Not a process person


Every project has them:
Some people are just not "process persons". They never do the same thing twice the same way
But more importantly: It would never occur to them to do the same thing twice the same way.
And, given a problem, they don't seek process; and really don't see why improvisation is not just as effective.
And, you couldn't label them "lean" either."Lean" requires process and tooling to minimize redundancy and non-value repetitions.

Nimble and opportunistic
If not process oriented, nonetheless these folks can be very opportunistic, grabbing onto a situation and solving it their way. Nimble, to be sure.
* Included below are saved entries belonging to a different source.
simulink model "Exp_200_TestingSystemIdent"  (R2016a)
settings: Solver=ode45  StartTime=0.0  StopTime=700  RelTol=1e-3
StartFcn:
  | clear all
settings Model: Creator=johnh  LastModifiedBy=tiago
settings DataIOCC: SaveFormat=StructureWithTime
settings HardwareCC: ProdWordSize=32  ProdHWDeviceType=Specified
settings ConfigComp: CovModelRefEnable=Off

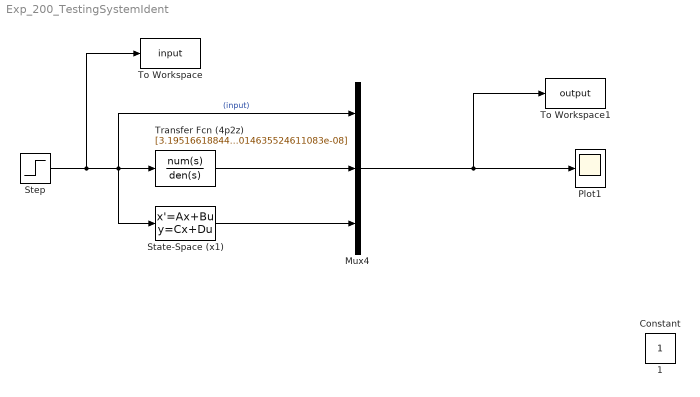
== system Exp_200_TestingSystemIdent ==
  Mux4 : Mux  Inputs=3
  Plot1 : Scope
  State-Space (x1) : StateSpace  A=-0.005070611210911  B=1.068970183519867e-05  C=3.695395325035177e+02  D=0  X0=0.004775767159700
  Step : Step  Time=50  After=70  SampleTime=0
  To Workspace : ToWorkspace  VariableName=input  SaveFormat=Timeseries  SampleTime=-1
  To Workspace1 : ToWorkspace  VariableName=output  SaveFormat=Timeseries  SampleTime=-1
  Transfer Fcn (4p2z) : TransferFcn  Numerator=[3.195166188443881e-04,-7.093012858467532e-08,6.765608163907508e-08]  Denominator=[1,0.061707735245560,6.381421465415211e-04,1.302629951453399e-05,9.014635524611083e-08]
  1 : Constant  IOType=siggen
  Constant : Constant  IOType=siggen
  wires:
  Step/1 -> To Workspace/1, State-Space (x1)/1, Mux4/1, Transfer Fcn (4p2z)/1  "(input)"
  State-Space (x1)/1 -> Mux4/3
  Transfer Fcn (4p2z)/1 -> Mux4/2
  Mux4/1 -> To Workspace1/1, Plot1/1

And, what's wrong with nimble and opportunistic?
Perhaps nothing the first time through.

Qualities you might value
But reducing whatever you are doing to its most effective process adds reliability, predictability, and portability---the ability to make the process work with others and other situations.
And, I might add: fairness---all is treated the same way, insofar as any process can be bias free

Frustrations
Did I mention that it's really hard to put together a team of non-process people? In the first place, teamwork brings a certain process orientation with it. And, in the second place, values don't align well.
"Getting it done" collides with reliability, predictability, portability, and fairness
Beware collisions!

The worst thing
The worst thing is when the team leader is not a process person; their disdain or disregard or insensitivity to process undercuts all else, leaving the "process people" with uncertain support or value-add. Bummer!